*** Opening Extracted information ***

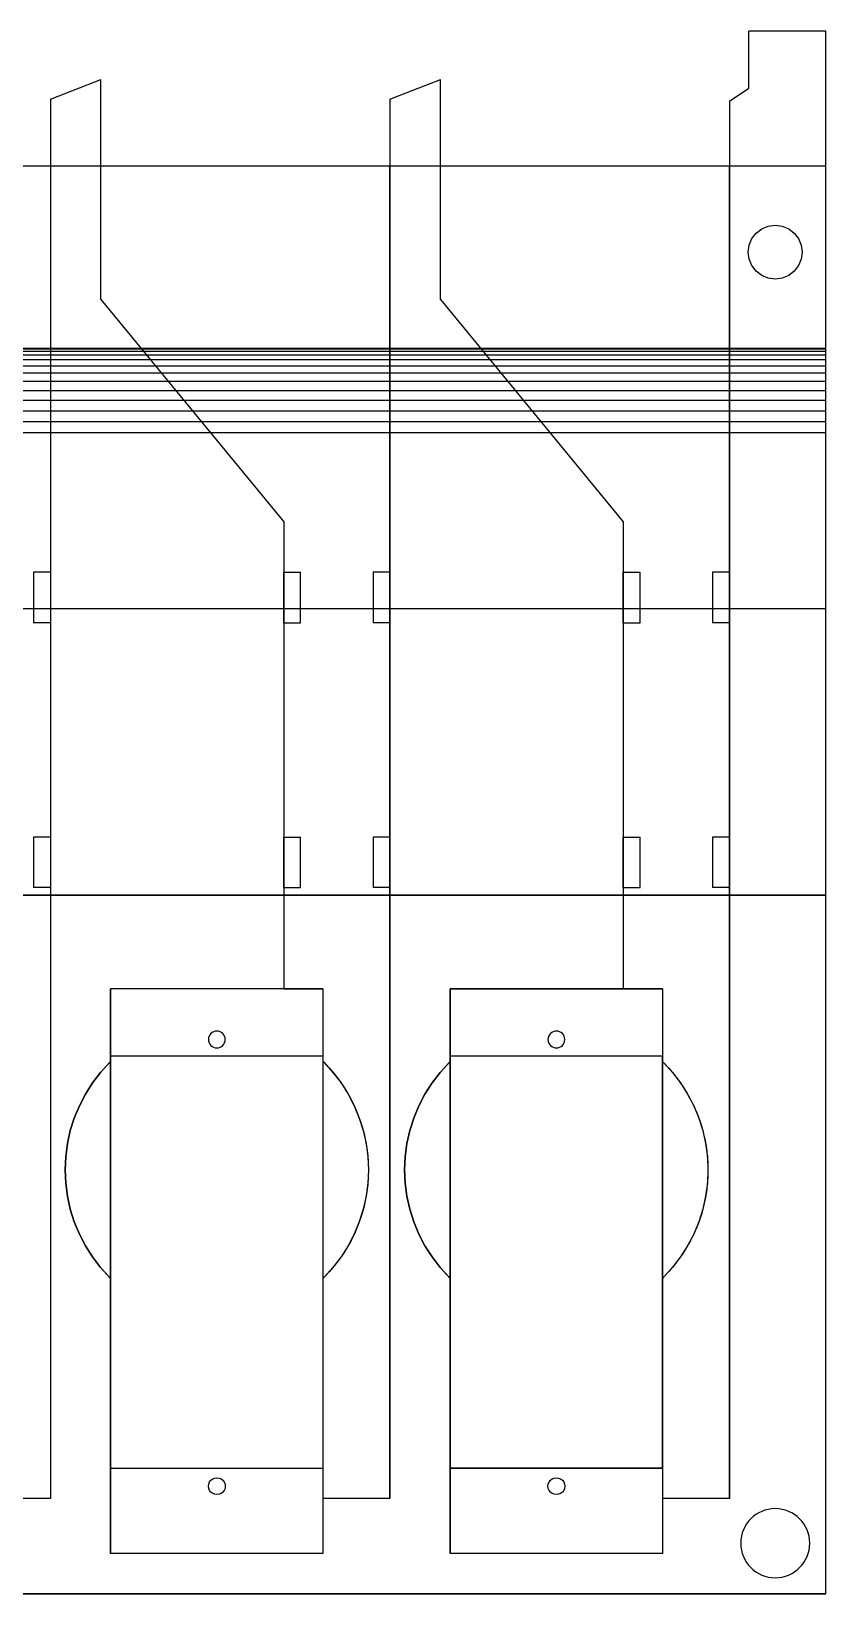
# Model space of a CAD drawing. Header units: millimetres. Extents: x -658 to 1307, y -81 to 472.
# Drawn here: x 1039.6 to 1086.8, y 118.3 to 211 of the extents above; entities that cross this region are included whole.
import ezdxf

# ---------------------------------------------------------------- set-up
doc = ezdxf.new("R2010")
doc.units = ezdxf.units.MM
doc.layers.get('0').update_dxf_attribs({"true_color": 0xffffff})

# ---------------------------------------------------------------- blocks, each defined once
blk = doc.blocks.new('Group_20')
for p, q in [((108.2, 92.706, 18.7), (103.64, 92.706, 18.7)), ((103.64, 92.706, 18.7), (103.64, 92.706, 23.501)), ((103.64, 89.338, 18.7), (103.64, 92.706, 18.7)), ((108.2, 92.706, 23.501), (103.64, 92.706, 23.501)), ((103.64, 89.338, 23.501), (103.64, 92.706, 23.501)), ((108.2, 92.706, 18.7), (108.2, 92.706, 23.501)), ((108.2, 84.703, 18.7), (108.2, 92.706, 18.7)), ((108.2, 0, 23.5), (108.2, 92.706, 23.501)), ((62.182, 88.686, 18.701), (65.182, 89.848, 18.701)), ((62.182, 88.686, 23.501), (65.182, 89.848, 23.501)), ((65.182, 89.848, 18.701), (65.182, 89.848, 23.501)), ((65.182, 84.703, 18.701), (65.182, 89.848, 18.701)), ((65.182, 76.795, 23.501), (65.182, 89.848, 23.501)), ((82.332, 88.686, 18.701), (85.332, 89.848, 18.701)), ((82.332, 88.686, 23.501), (85.332, 89.848, 23.501)), ((85.332, 84.703, 18.7), (85.332, 89.848, 18.701)), ((85.332, 89.848, 18.701), (85.332, 89.848, 23.501)), ((85.332, 76.795, 23.501), (85.332, 89.848, 23.501)), ((102.482, 88.563, 18.7), (103.64, 89.338, 18.7)), ((102.482, 88.563, 23.501), (103.64, 89.338, 23.501)), ((103.64, 89.338, 18.7), (103.64, 89.338, 23.501)), ((62.182, 88.686, 18.701), (62.182, 88.686, 23.501)), ((62.182, 88.686, 18.701), (62.182, 84.703, 18.701)), ((62.182, 88.686, 23.501), (62.182, 60.609, 23.501)), ((82.332, 88.686, 18.701), (82.332, 88.686, 23.501)), ((82.332, 88.686, 18.701), (82.332, 84.703, 18.7)), ((82.332, 88.686, 23.501), (82.332, 60.609, 23.501)), ((102.482, 88.563, 18.7), (102.482, 88.563, 23.501)), ((102.482, 88.563, 18.7), (102.482, 84.703, 18.7)), ((102.482, 88.563, 23.501), (102.482, 60.609, 23.501)), ((108.2, 84.703, 14.2), (15, 84.703, 14.2)), ((62.182, 84.703, 18.701), (45.032, 84.703, 18.701)), ((62.182, 84.703, 18.701), (62.182, 5.643, 18.7)), ((65.182, 84.703, 18.701), (62.182, 84.703, 18.701)), ((82.332, 84.703, 18.7), (65.182, 84.703, 18.701)), ((65.182, 76.795, 18.701), (65.182, 84.703, 18.701)), ((82.332, 5.643, 18.7), (82.332, 84.703, 18.7)), ((85.332, 84.703, 18.7), (82.332, 84.703, 18.7)), ((102.482, 84.703, 18.7), (85.332, 84.703, 18.7)), ((85.332, 76.795, 18.7), (85.332, 84.703, 18.7)), ((102.482, 5.643, 18.7), (102.482, 84.703, 18.7)), ((108.2, 84.703, 18.7), (102.482, 84.703, 18.7)), ((108.2, 73.878, 14.2), (108.2, 84.703, 14.2)), ((108.2, 84.703, 14.2), (108.2, 84.703, 18.7)), ((104.069, 80.731, 23.498), (104.069, 80.731, 14.2)), ((104.4, 80.985, 23.498), (104.4, 80.985, 14.2)), ((104.786, 81.145, 23.498), (104.786, 81.145, 14.2)), ((105.2, 81.2, 23.498), (105.2, 81.2, 14.2)), ((105.614, 81.145, 23.498), (105.614, 81.145, 14.2)), ((106, 80.985, 23.498), (106, 80.985, 14.2)), ((106.331, 80.731, 23.498), (106.331, 80.731, 14.2)), ((103.655, 80.014, 23.498), (103.655, 80.014, 14.2)), ((103.814, 80.4, 23.498), (103.814, 80.4, 14.2)), ((106.586, 80.4, 23.498), (106.586, 80.4, 14.2)), ((106.746, 80.014, 23.498), (106.746, 80.014, 14.2)), ((103.6, 79.6, 23.498), (103.6, 79.6, 14.2)), ((103.655, 79.186, 23.498), (103.655, 79.186, 14.2)), ((106.746, 79.186, 23.498), (106.746, 79.186, 14.2)), ((106.8, 79.6, 23.498), (106.8, 79.6, 14.2)), ((103.814, 78.8, 23.498), (103.814, 78.8, 14.2)), ((104.069, 78.468, 23.498), (104.069, 78.468, 14.2)), ((104.4, 78.214, 23.498), (104.4, 78.214, 14.2)), ((104.786, 78.054, 23.498), (104.786, 78.054, 14.2)), ((105.2, 78, 23.498), (105.2, 78, 14.2)), ((105.614, 78.054, 23.498), (105.614, 78.054, 14.2)), ((106, 78.214, 23.498), (106, 78.214, 14.2)), ((106.331, 78.468, 23.498), (106.331, 78.468, 14.2)), ((106.586, 78.8, 23.498), (106.586, 78.8, 14.2)), ((65.182, 76.795, 18.701), (76.031, 63.606, 18.7)), ((65.182, 76.795, 18.701), (65.182, 76.795, 23.501)), ((65.182, 76.795, 23.501), (76.031, 63.606, 23.5)), ((85.332, 76.795, 18.7), (96.181, 63.606, 18.7)), ((85.332, 76.795, 18.7), (85.332, 76.795, 23.501)), ((85.332, 76.795, 23.501), (96.181, 63.606, 23.5)), ((11, 73.878, 14.2), (108.2, 73.878, 14.2)), ((108.2, 73.877, 11.002), (11, 73.877, 11.002)), ((108.2, 73.834, 10.349), (11, 73.834, 10.349)), ((108.2, 73.707, 9.708), (11, 73.707, 9.708)), ((108.2, 73.497, 9.088), (11, 73.497, 9.088)), ((108.2, 73.877, 11.002), (108.2, 73.878, 14.2)), ((108.2, 73.207, 8.502), (11, 73.207, 8.502)), ((108.2, 72.844, 7.958), (11, 72.844, 7.958)), ((108.2, 72.413, 7.466), (11, 72.413, 7.466)), ((108.2, 71.921, 7.035), (11, 71.921, 7.035)), ((108.2, 71.377, 6.671), (11, 71.377, 6.671)), ((108.2, 70.791, 6.382), (11, 70.791, 6.382)), ((108.2, 70.172, 6.172), (11, 70.172, 6.172)), ((108.2, 69.53, 6.044), (11, 69.53, 6.044)), ((108.2, 68.877, 6.001), (11, 68.877, 6.001)), ((108.2, 58.45, 6), (108.2, 68.877, 6.001)), ((76.031, 63.606, 18.7), (76.031, 35.897, 18.7)), ((76.031, 63.606, 18.7), (76.031, 63.606, 23.5)), ((76.031, 63.606, 23.5), (76.031, 60.609, 23.501)), ((96.181, 63.606, 18.7), (96.181, 35.897, 18.7)), ((96.181, 63.606, 18.7), (96.181, 63.606, 23.5)), ((96.181, 63.606, 23.5), (96.182, 60.609, 23.501)), ((61.182, 60.609, 22.501), (61.182, 57.609, 22.501)), ((62.182, 60.609, 22.001), (61.182, 60.609, 22.501)), ((62.182, 60.609, 23.501), (61.182, 60.609, 23.501)), ((61.182, 60.609, 23.501), (61.182, 57.609, 23.501)), ((61.182, 60.609, 22.501), (61.182, 60.609, 23.501)), ((62.182, 60.609, 22.001), (62.182, 57.609, 22.001)), ((62.182, 60.609, 22.001), (62.182, 60.609, 23.501)), ((76.031, 60.609, 22.001), (76.031, 60.609, 23.501)), ((76.031, 60.609, 22.001), (77.031, 60.609, 22.501)), ((76.031, 57.609, 22.001), (76.031, 60.609, 22.001)), ((76.031, 60.609, 23.501), (77.031, 60.609, 23.501)), ((77.031, 57.609, 22.501), (77.031, 60.609, 22.501)), ((77.031, 60.609, 22.501), (77.031, 60.609, 23.501)), ((77.031, 57.609, 23.501), (77.031, 60.609, 23.501)), ((81.332, 60.609, 22.5), (81.332, 60.609, 23.5)), ((81.332, 60.609, 22.5), (81.332, 57.609, 22.5)), ((81.332, 60.609, 23.5), (81.332, 57.609, 23.5)), ((82.332, 60.609, 22.001), (81.332, 60.609, 22.5)), ((82.332, 60.609, 23.501), (81.332, 60.609, 23.5)), ((82.332, 60.609, 22.001), (82.332, 60.609, 23.501)), ((82.332, 60.609, 22.001), (82.332, 57.609, 22.001)), ((96.182, 60.609, 22.001), (96.182, 60.609, 23.501)), ((96.182, 60.609, 22.001), (97.182, 60.609, 22.501)), ((96.182, 57.609, 22.001), (96.182, 60.609, 22.001)), ((96.182, 60.609, 23.501), (97.182, 60.609, 23.501)), ((97.182, 57.609, 22.501), (97.182, 60.609, 22.501)), ((97.182, 60.609, 22.501), (97.182, 60.609, 23.501)), ((97.182, 57.609, 23.501), (97.182, 60.609, 23.501)), ((101.482, 60.609, 22.501), (101.482, 57.609, 22.501)), ((102.482, 60.609, 22.001), (101.482, 60.609, 22.501)), ((102.482, 60.609, 23.501), (101.482, 60.609, 23.501)), ((101.482, 60.609, 23.501), (101.482, 57.609, 23.501)), ((101.482, 60.609, 22.501), (101.482, 60.609, 23.501)), ((102.482, 60.609, 22.001), (102.482, 57.609, 22.001)), ((102.482, 60.609, 22.001), (102.482, 60.609, 23.501)), ((11, 58.45, 6), (108.2, 58.45, 6)), ((11, 58.449, 11), (108.2, 58.449, 11)), ((108.2, 58.45, 6), (108.2, 58.449, 11)), ((108.2, 41.45, 10.999), (108.2, 58.449, 11)), ((62.182, 57.609, 22.001), (61.182, 57.609, 22.501)), ((62.182, 57.609, 23.501), (61.182, 57.609, 23.501)), ((61.182, 57.609, 22.501), (61.182, 57.609, 23.501)), ((62.182, 57.609, 22.001), (62.182, 57.609, 23.501)), ((62.182, 57.609, 23.501), (62.182, 44.897, 23.501)), ((76.031, 57.609, 22.001), (76.031, 57.609, 23.501)), ((76.031, 57.609, 22.001), (77.031, 57.609, 22.501)), ((76.031, 57.609, 23.501), (76.031, 44.897, 23.501)), ((76.031, 57.609, 23.501), (77.031, 57.609, 23.501)), ((77.031, 57.609, 22.501), (77.031, 57.609, 23.501)), ((81.332, 57.609, 22.5), (81.332, 57.609, 23.5)), ((82.332, 57.609, 23.501), (81.332, 57.609, 23.5)), ((82.332, 57.609, 22.001), (81.332, 57.609, 22.5)), ((82.332, 57.609, 22.001), (82.332, 57.609, 23.501)), ((82.332, 57.609, 23.501), (82.332, 45.783, 23.501)), ((96.182, 57.609, 22.001), (96.182, 57.609, 23.501)), ((96.182, 57.609, 22.001), (97.182, 57.609, 22.501)), ((96.182, 57.609, 23.501), (96.182, 44.897, 23.501)), ((96.182, 57.609, 23.501), (97.182, 57.609, 23.501)), ((97.182, 57.609, 22.501), (97.182, 57.609, 23.501)), ((102.482, 57.609, 22.001), (101.482, 57.609, 22.501)), ((102.482, 57.609, 23.501), (101.482, 57.609, 23.501)), ((101.482, 57.609, 22.501), (101.482, 57.609, 23.501)), ((102.482, 57.609, 22.001), (102.482, 57.609, 23.501)), ((102.482, 57.609, 23.501), (102.482, 44.897, 23.501)), ((82.332, 45.783, 23.501), (82.332, 44.897, 23.501)), ((61.182, 44.897, 22.501), (61.182, 41.897, 22.501)), ((62.182, 44.897, 22.001), (61.182, 44.897, 22.501)), ((62.182, 44.897, 23.501), (61.182, 44.897, 23.501)), ((61.182, 44.897, 23.501), (61.182, 41.897, 23.501)), ((61.182, 44.897, 22.501), (61.182, 44.897, 23.501)), ((62.182, 44.897, 22.001), (62.182, 41.897, 22.001)), ((62.182, 44.897, 22.001), (62.182, 44.897, 23.501)), ((76.031, 41.897, 22.001), (76.031, 44.897, 22.001)), ((76.031, 44.897, 22.001), (77.031, 44.897, 22.501)), ((76.031, 44.897, 22.001), (76.031, 44.897, 23.501)), ((76.031, 44.897, 23.501), (77.031, 44.897, 23.501)), ((77.031, 41.897, 22.501), (77.031, 44.897, 22.501)), ((77.031, 44.897, 22.501), (77.031, 44.897, 23.501)), ((77.031, 41.897, 23.501), (77.031, 44.897, 23.501)), ((82.332, 44.897, 23.501), (81.332, 44.897, 23.501)), ((82.332, 44.897, 22.001), (81.332, 44.897, 22.501)), ((81.332, 44.897, 22.501), (81.332, 41.897, 22.501)), ((81.332, 44.897, 22.501), (81.332, 44.897, 23.501)), ((81.332, 44.897, 23.501), (81.332, 41.897, 23.501)), ((82.332, 44.897, 22.001), (82.332, 41.897, 22.001)), ((82.332, 44.897, 22.001), (82.332, 44.897, 23.501)), ((96.182, 44.897, 22.001), (96.182, 44.897, 23.501)), ((96.182, 44.897, 22.001), (97.182, 44.897, 22.5)), ((96.182, 41.897, 22.001), (96.182, 44.897, 22.001)), ((96.182, 44.897, 23.501), (97.182, 44.897, 23.5)), ((97.182, 41.897, 22.5), (97.182, 44.897, 22.5)), ((97.182, 44.897, 22.5), (97.182, 44.897, 23.5)), ((97.182, 41.897, 23.5), (97.182, 44.897, 23.5)), ((101.482, 44.897, 22.501), (101.482, 41.897, 22.501)), ((102.482, 44.897, 22.001), (101.482, 44.897, 22.501)), ((102.482, 44.897, 23.501), (101.482, 44.897, 23.501)), ((101.482, 44.897, 23.501), (101.482, 41.897, 23.501)), ((101.482, 44.897, 22.501), (101.482, 44.897, 23.501)), ((102.482, 44.897, 22.001), (102.482, 44.897, 23.501)), ((102.482, 44.897, 22.001), (102.482, 41.897, 22.001)), ((62.182, 41.897, 22.001), (61.182, 41.897, 22.501)), ((62.182, 41.897, 23.501), (61.182, 41.897, 23.501)), ((61.182, 41.897, 22.501), (61.182, 41.897, 23.501)), ((62.182, 41.897, 22.001), (62.182, 41.897, 23.501)), ((62.182, 41.897, 23.501), (62.182, 5.643, 23.501)), ((76.031, 41.897, 22.001), (77.031, 41.897, 22.501)), ((76.031, 41.897, 22.001), (76.031, 41.897, 23.501)), ((76.031, 41.897, 23.501), (76.032, 35.897, 23.501)), ((76.031, 41.897, 23.501), (77.031, 41.897, 23.501)), ((77.031, 41.897, 22.501), (77.031, 41.897, 23.501)), ((82.332, 41.897, 22.001), (81.332, 41.897, 22.501)), ((82.332, 41.897, 23.501), (81.332, 41.897, 23.501)), ((81.332, 41.897, 22.501), (81.332, 41.897, 23.501)), ((82.332, 41.897, 22.001), (82.332, 41.897, 23.501)), ((82.332, 41.897, 23.501), (82.332, 5.643, 23.501)), ((96.182, 41.897, 22.001), (97.182, 41.897, 22.5)), ((96.182, 41.897, 22.001), (96.182, 41.897, 23.501)), ((96.182, 41.897, 23.501), (96.182, 35.897, 23.501)), ((96.182, 41.897, 23.501), (97.182, 41.897, 23.5)), ((97.182, 41.897, 22.5), (97.182, 41.897, 23.5)), ((102.482, 41.897, 22.001), (101.482, 41.897, 22.501)), ((102.482, 41.897, 23.501), (101.482, 41.897, 23.501)), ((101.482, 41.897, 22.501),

*** Closing Extracted information ***

§ **Directions for this task**
Every line above that holds "blocks" should be copied out.

§ **Reply**
# ---------------------------------------------------------------- blocks, each defined once
blk = doc.blocks.new('Group_20')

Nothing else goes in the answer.